Although the final vote tally broke more or less along party lines, opponents of the regulations are not necessarily always Republicans, he said.

“For the most part, states that produce and use a lot of coal do tend to be Republican, but generally it’s not surprising for a Democrat from a heavy coal-producing state to support this resolution, or a Republican like (Sen. Olympia) Snowe, (Sen. Susan) Collins or (Sen. Scott) Brown to vote against it,” he said.

Environmentalist groups who support vigorous EPA regulations might not be able to compete with the sheer amount of money being spent on lobbying, but they are doing their part in other ways, he said, like trying to educate the public on the harmful effects of pollution and the health benefits of reducing emissions.

“They see these as critical items. If the EPA lost their ability to do these regulations, it would be a huge change for them,” he said. “They are circulating reports to try to make their points, but just on a pure dollar basis, they are losing. I’d be surprised if they even spent a couple of million.”

The debate goes on

With several types of EPA rules and regulations being considered, and still no comprehensive energy policy emerging out of Congress, the squabbling over how the U.S. will produce and use its energy will continue. A bill or resolution like the one Inhofe raised will probably be reintroduced at some point.

“It’s likely to come back up again. In this world, you fall once and get up twice,” he said. “It’s unlikely that it will pass, but it will be brought back up again — if for no other reason than to make a political point.
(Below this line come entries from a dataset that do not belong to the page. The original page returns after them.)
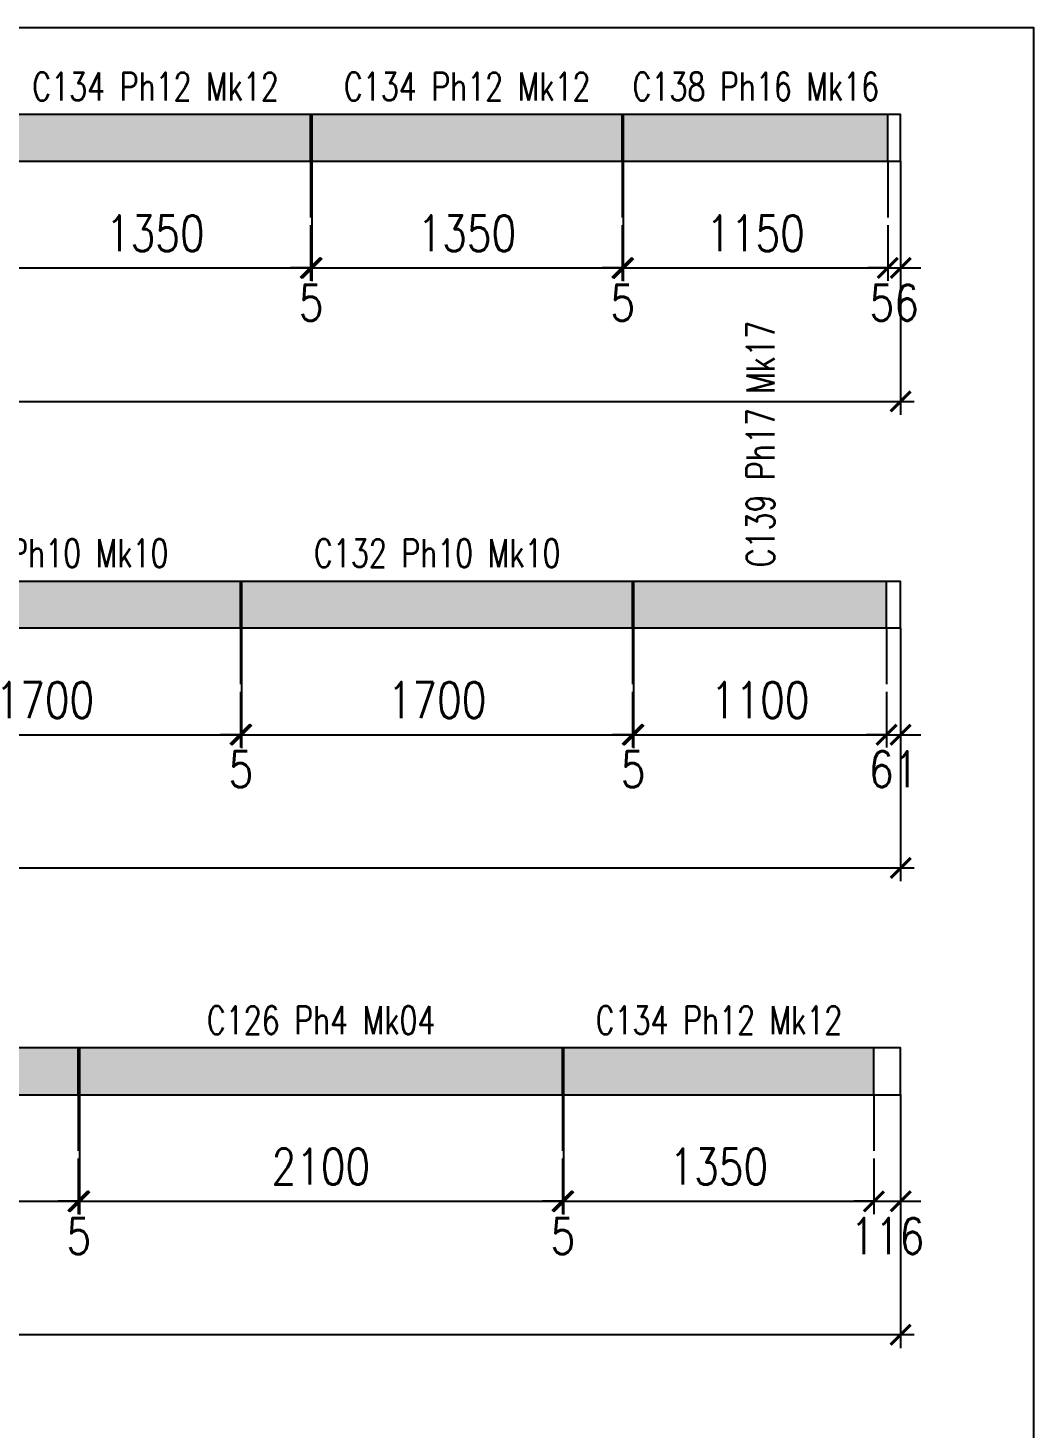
# Model space of a CAD drawing. Header units: millimetres. Extents: x -56 to 421004, y -1 to 91234.
# Drawn here: x 146962 to 151337, y 71747 to 77834 of the extents above; entities that cross this region are included whole.
import ezdxf
from ezdxf.enums import TextEntityAlignment as Align

# ---------------------------------------------------------------- set-up
doc = ezdxf.new("R2010")
doc.units = ezdxf.units.MM
doc.styles.add('EasyCutStyle', font='romans.shx', dxfattribs={"width": 0.8})
doc.styles.add('EasyCutStyleOptimezeBars', font='Romans.shx', dxfattribs={"width": 0.8})
doc.dimstyles.new('EasyCutDimOptimezeBars', dxfattribs={"dimscale": 57.971, "dimtxt": 2.7, "dimasz": 1.5, "dimexe": 1, "dimexo": 0, "dimgap": 1.25, "dimtad": 1, "dimdec": 1, "dimrnd": 0.5, "dimzin": 12, "dimdsep": 46, "dimtxsty": 'EasyCutStyleOptimezeBars', "dimblk": 'ARCHTICK', "dimblk1": 'ARCHTICK', "dimblk2": 'ARCHTICK', "dimcen": 1, "dimdle": 1, "dimclrd": 1, "dimclre": 1, "dimclrt": 3, "dimadec": 3, "dimazin": 0, "dimtfac": 1, "dimtdec": 1, "dimtix": 1, "dimtmove": 0, "dimatfit": 3, "dimfxl": 1, "dimtfill": 1, "dimtolj": 1, "dimtzin": 0, "dimarcsym": 0})

# ---------------------------------------------------------------- blocks, each defined once
blk = doc.blocks.new('_ArchTick')
at = {"color": 0, "linetype": 'ByBlock', "const_width": 0.15}
blk.add_lwpolyline([(-0.5, -0.5), (0.5, 0.5)], dxfattribs=at)
blk = doc.blocks.new('*D728')
at = {"color": 1, "lineweight": -2}
for p, q in [((146840.9, 77254.4), (146840.9, 76732.6)), ((148190.9, 77254.4), (148190.9, 76732.6)), ((146782.9, 76790.6), (148248.9, 76790.6))]:
    blk.add_line(p, q, dxfattribs=at)
at = {"layer": 'Defpoints', "color": 0}
for p in [(146840.9, 77254.4), (148190.9, 77254.4), (148190.9, 76790.6)]:
    blk.add_point(p, dxfattribs=at)
at = {"color": 1, "lineweight": -2, "xscale": 86.9637, "yscale": 86.9637, "zscale": 86.9637, "rotation": 180}
blk.add_blockref('_ArchTick', (146840.9, 76790.6), dxfattribs=at)
at = {"color": 1, "lineweight": -2, "xscale": 86.9637, "yscale": 86.9637, "zscale": 86.9637}
blk.add_blockref('_ArchTick', (148190.9, 76790.6), dxfattribs=at)
at = {"color": 3, "insert": (147515.9, 76941.3), "char_height": 156.53, "attachment_point": 5, "style": 'EasyCutStyleOptimezeBars', "bg_fill": 3, "box_fill_scale": 1.1, "bg_fill_color": 256, "bg_fill_true_color": 13158600, "bg_fill_transparency": 4259909}
blk.add_mtext('\\A1;1350', dxfattribs=at)
blk = doc.blocks.new('*D729')
at = {"color": 1, "lineweight": -2}
for p, q in [((148190.9, 77254.4), (148190.9, 76732.6)), ((148195.9, 77254.4), (148195.9, 76732.6)), ((148190.9, 76790.6), (148103.9, 76790.6)), ((148190.9, 76790.6), (148195.9, 76790.6)), ((148195.9, 76790.6), (148282.9, 76790.6))]:
    blk.add_line(p, q, dxfattribs=at)
at = {"layer": 'Defpoints', "color": 0}
for p in [(148190.9, 77254.4), (148195.9, 77254.4), (148195.9, 76790.6)]:
    blk.add_point(p, dxfattribs=at)
at = {"color": 1, "lineweight": -2, "xscale": 86.9637, "yscale": 86.9637, "zscale": 86.9637}
blk.add_blockref('_ArchTick', (148190.9, 76790.6), dxfattribs=at)
at = {"color": 1, "lineweight": -2, "xscale": 86.9637, "yscale": 86.9637, "zscale": 86.9637, "rotation": 180}
blk.add_blockref('_ArchTick', (148195.9, 76790.6), dxfattribs=at)
at = {"color": 3, "char_height": 156.53, "attachment_point": 5, "style": 'EasyCutStyleOptimezeBars', "bg_fill": 3, "box_fill_scale": 1.1, "bg_fill_color": 256, "bg_fill_true_color": 13158600}
for s, insert, bg_fill_transparency in [('\\A1;', (148193.4, 76993.5), 9502084), ('\\A1;5', (148193.4, 76639.8), 0)]:
    blk.add_mtext(s, dxfattribs=dict(at, insert=insert, bg_fill_transparency=bg_fill_transparency))
blk = doc.blocks.new('*D730')
at = {"color": 1, "lineweight": -2}
for p, q in [((148195.9, 77254.4), (148195.9, 76732.6)), ((149545.9, 77254.4), (149545.9, 76732.6)), ((148137.9, 76790.6), (149603.9, 76790.6))]:
    blk.add_line(p, q, dxfattribs=at)
at = {"layer": 'Defpoints', "color": 0}
for p in [(148195.9, 77254.4), (149545.9, 77254.4), (149545.9, 76790.6)]:
    blk.add_point(p, dxfattribs=at)
at = {"color": 1, "lineweight": -2, "xscale": 86.9637, "yscale": 86.9637, "zscale": 86.9637, "rotation": 180}
blk.add_blockref('_ArchTick', (148195.9, 76790.6), dxfattribs=at)
at = {"color": 1, "lineweight": -2, "xscale": 86.9637, "yscale": 86.9637, "zscale": 86.9637}
blk.add_blockref('_ArchTick', (149545.9, 76790.6), dxfattribs=at)
at = {"color": 3, "insert": (148870.9, 76941.3), "char_height": 156.53, "attachment_point": 5, "style": 'EasyCutStyleOptimezeBars', "bg_fill": 3, "box_fill_scale": 1.1, "bg_fill_color": 256, "bg_fill_true_color": 13158600, "bg_fill_transparency": 10955136}
blk.add_mtext('\\A1;1350', dxfattribs=at)
blk = doc.blocks.new('*D731')
at = {"color": 1, "lineweight": -2}
for p, q in [((149545.9, 77254.4), (149545.9, 76732.6)), ((149550.9, 77254.4), (149550.9, 76732.6)), ((149545.9, 76790.6), (149458.9, 76790.6)), ((149545.9, 76790.6), (149550.9, 76790.6)), ((149550.9, 76790.6), (149637.9, 76790.6))]:
    blk.add_line(p, q, dxfattribs=at)
at = {"layer": 'Defpoints', "color": 0}
for p in [(149545.9, 77254.4), (149550.9, 77254.4), (149550.9, 76790.6)]:
    blk.add_point(p, dxfattribs=at)
at = {"color": 1, "lineweight": -2, "xscale": 86.9637, "yscale": 86.9637, "zscale": 86.9637}
blk.add_blockref('_ArchTick', (149545.9, 76790.6), dxfattribs=at)
at = {"color": 1, "lineweight": -2, "xscale": 86.9637, "yscale": 86.9637, "zscale": 86.9637, "rotation": 180}
blk.add_blockref('_ArchTick', (149550.9, 76790.6), dxfattribs=at)
at = {"color": 3, "char_height": 156.53, "attachment_point": 5, "style": 'EasyCutStyleOptimezeBars', "bg_fill": 3, "box_fill_scale": 1.1, "bg_fill_color": 256, "bg_fill_true_color": 13158600}
for s, insert, bg_fill_transparency in [('\\A1;', (149548.4, 76993.5), 10964412), ('\\A1;5', (149548.4, 76639.8), 10960960)]:
    blk.add_mtext(s, dxfattribs=dict(at, insert=insert, bg_fill_transparency=bg_fill_transparency))
blk = doc.blocks.new('*D732')
at = {"color": 1, "lineweight": -2}
for p, q in [((149550.9, 77254.4), (149550.9, 76732.6)), ((150700.9, 77254.4), (150700.9, 76732.6)), ((149492.9, 76790.6), (150758.9, 76790.6))]:
    blk.add_line(p, q, dxfattribs=at)
at = {"layer": 'Defpoints', "color": 0}
for p in [(149550.9, 77254.4), (150700.9, 77254.4), (150700.9, 76790.6)]:
    blk.add_point(p, dxfattribs=at)
at = {"color": 1, "lineweight": -2, "xscale": 86.9637, "yscale": 86.9637, "zscale": 86.9637, "rotation": 180}
blk.add_blockref('_ArchTick', (149550.9, 76790.6), dxfattribs=at)
at = {"color": 1, "lineweight": -2, "xscale": 86.9637, "yscale": 86.9637, "zscale": 86.9637}
blk.add_blockref('_ArchTick', (150700.9, 76790.6), dxfattribs=at)
at = {"color": 3, "insert": (150125.9, 76941.3), "char_height": 156.53, "attachment_point": 5, "style": 'EasyCutStyleOptimezeBars', "bg_fill": 3, "box_fill_scale": 1.1, "bg_fill_color": 256, "bg_fill_true_color": 13158600, "bg_fill_transparency": 4259909}
blk.add_mtext('\\A1;1150', dxfattribs=at)
blk = doc.blocks.new('*D733')
at = {"color": 1, "lineweight": -2}
for p, q in [((150700.9, 77254.4), (150700.9, 76732.6)), ((150756.9, 77254.4), (150756.9, 76732.6)), ((150700.9, 76790.6), (150613.9, 76790.6)), ((150700.9, 76790.6), (150756.9, 76790.6)), ((150756.9, 76790.6), (150843.9, 76790.6))]:
    blk.add_line(p, q, dxfattribs=at)
at = {"layer": 'Defpoints', "color": 0}
for p in [(150700.9, 77254.4), (150756.9, 77254.4), (150756.9, 76790.6)]:
    blk.add_point(p, dxfattribs=at)
at = {"color": 1, "lineweight": -2, "xscale": 86.9637, "yscale": 86.9637, "zscale": 86.9637}
blk.add_blockref('_ArchTick', (150700.9, 76790.6), dxfattribs=at)
at = {"color": 1, "lineweight": -2, "xscale": 86.9637, "yscale": 86.9637, "zscale": 86.9637, "rotation": 180}
blk.add_blockref('_ArchTick', (150756.9, 76790.6), dxfattribs=at)
at = {"color": 3, "char_height": 156.53, "attachment_point": 5, "style": 'EasyCutStyleOptimezeBars', "bg_fill": 3, "box_fill_scale": 1.1, "bg_fill_color": 256, "bg_fill_true_color": 13158600}
for s, insert, bg_fill_transparency in [('\\A1;', (150728.9, 76993.5), 9502600), ('\\A1;56', (150728.9, 76639.8), 0)]:
    blk.add_mtext(s, dxfattribs=dict(at, insert=insert, bg_fill_transparency=bg_fill_transparency))
blk = doc.blocks.new('*D734')
at = {"color": 1, "lineweight": -2}
for p, q in [((138755.9, 77254.4), (138755.9, 76152.8)), ((150756.9, 77254.4), (150756.9, 76152.8)), ((138697.9, 76210.8), (150814.9, 76210.8))]:
    blk.add_line(p, q, dxfattribs=at)
at = {"layer": 'Defpoints', "color": 0}
for p in [(138755.9, 77254.4), (150756.9, 77254.4), (150756.9, 76210.8)]:
    blk.add_point(p, dxfattribs=at)
at = {"color": 1, "lineweight": -2, "xscale": 86.9637, "yscale": 86.9637, "zscale": 86.9637, "rotation": 180}
blk.add_blockref('_ArchTick', (138755.9, 76210.8), dxfattribs=at)
at = {"color": 1, "lineweight": -2, "xscale": 86.9637, "yscale": 86.9637, "zscale": 86.9637}
blk.add_blockref('_ArchTick', (150756.9, 76210.8), dxfattribs=at)
at = {"color": 3, "insert": (144756.4, 76361.5), "char_height": 156.53, "attachment_point": 5, "style": 'EasyCutStyleOptimezeBars', "bg_fill": 3, "box_fill_scale": 1.1, "bg_fill_color": 256, "bg_fill_true_color": 13158600, "bg_fill_transparency": 11020528}
blk.add_mtext('\\A1;12001', dxfattribs=at)
blk = doc.blocks.new('*D745')
at = {"color": 1, "lineweight": -2}
for p, q in [((146185.9, 75225.2), (146185.9, 74703.4)), ((147885.9, 75225.2), (147885.9, 74703.4)), ((146127.9, 74761.4), (147943.9, 74761.4))]:
    blk.add_line(p, q, dxfattribs=at)
at = {"layer": 'Defpoints', "color": 0}
for p in [(146185.9, 75225.2), (147885.9, 75225.2), (147885.9, 74761.4)]:
    blk.add_point(p, dxfattribs=at)
at = {"color": 1, "lineweight": -2, "xscale": 86.9637, "yscale": 86.9637, "zscale": 86.9637, "rotation": 180}
blk.add_blockref('_ArchTick', (146185.9, 74761.4), dxfattribs=at)
at = {"color": 1, "lineweight": -2, "xscale": 86.9637, "yscale": 86.9637, "zscale": 86.9637}
blk.add_blockref('_ArchTick', (147885.9, 74761.4), dxfattribs=at)
at = {"color": 3, "insert": (147035.9, 74912.1), "char_height": 156.53, "attachment_point": 5, "style": 'EasyCutStyleOptimezeBars', "bg_fill": 3, "box_fill_scale": 1.1, "bg_fill_color": 256, "bg_fill_true_color": 13158600, "bg_fill_transparency": 11580880}
blk.add_mtext('\\A1;1700', dxfattribs=at)
blk = doc.blocks.new('*D746')
at = {"color": 1, "lineweight": -2}
for p, q in [((147885.9, 75225.2), (147885.9, 74703.4)), ((147890.9, 75225.2), (147890.9, 74703.4)), ((147885.9, 74761.4), (147798.9, 74761.4)), ((147885.9, 74761.4), (147890.9, 74761.4)), ((147890.9, 74761.4), (147977.9, 74761.4))]:
    blk.add_line(p, q, dxfattribs=at)
at = {"layer": 'Defpoints', "color": 0}
for p in [(147885.9, 75225.2), (147890.9, 75225.2), (147890.9, 74761.4)]:
    blk.add_point(p, dxfattribs=at)
at = {"color": 1, "lineweight": -2, "xscale": 86.9637, "yscale": 86.9637, "zscale": 86.9637}
blk.add_blockref('_ArchTick', (147885.9, 74761.4), dxfattribs=at)
at = {"color": 1, "lineweight": -2, "xscale": 86.9637, "yscale": 86.9637, "zscale": 86.9637, "rotation": 180}
blk.add_blockref('_ArchTick', (147890.9, 74761.4), dxfattribs=at)
at = {"color": 3, "char_height": 156.53, "attachment_point": 5, "style": 'EasyCutStyleOptimezeBars', "bg_fill": 3, "box_fill_scale": 1.1, "bg_fill_color": 256, "bg_fill_true_color": 13158600}
for s, insert, bg_fill_transparency in [('\\A1;', (147888.4, 74964.3), 11589792), ('\\A1;5', (147888.4, 74610.7), 0)]:
    blk.add_mtext(s, dxfattribs=dict(at, insert=insert, bg_fill_transparency=bg_fill_transparency))
blk = doc.blocks.new('*D747')
at = {"color": 1, "lineweight": -2}
for p, q in [((147890.9, 75225.2), (147890.9, 74703.4)), ((149590.9, 75225.2), (149590.9, 74703.4)), ((147832.9, 74761.4), (149648.9, 74761.4))]:
    blk.add_line(p, q, dxfattribs=at)
at = {"layer": 'Defpoints', "color": 0}
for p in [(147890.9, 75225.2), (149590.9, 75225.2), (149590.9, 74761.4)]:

They will use any sort of vehicle they have.”

The Mercury and Air Toxics Standard requires power plants of a certain generation capacity to use maximum achievable technology to reach compliance with standards for mercury and hazardous air pollutants by 2015.

The rule will also curtail a number of hazardous air pollutants, including lead, arsenic, hydrogen chloride, hydrogen fluoride and dioxins/furans.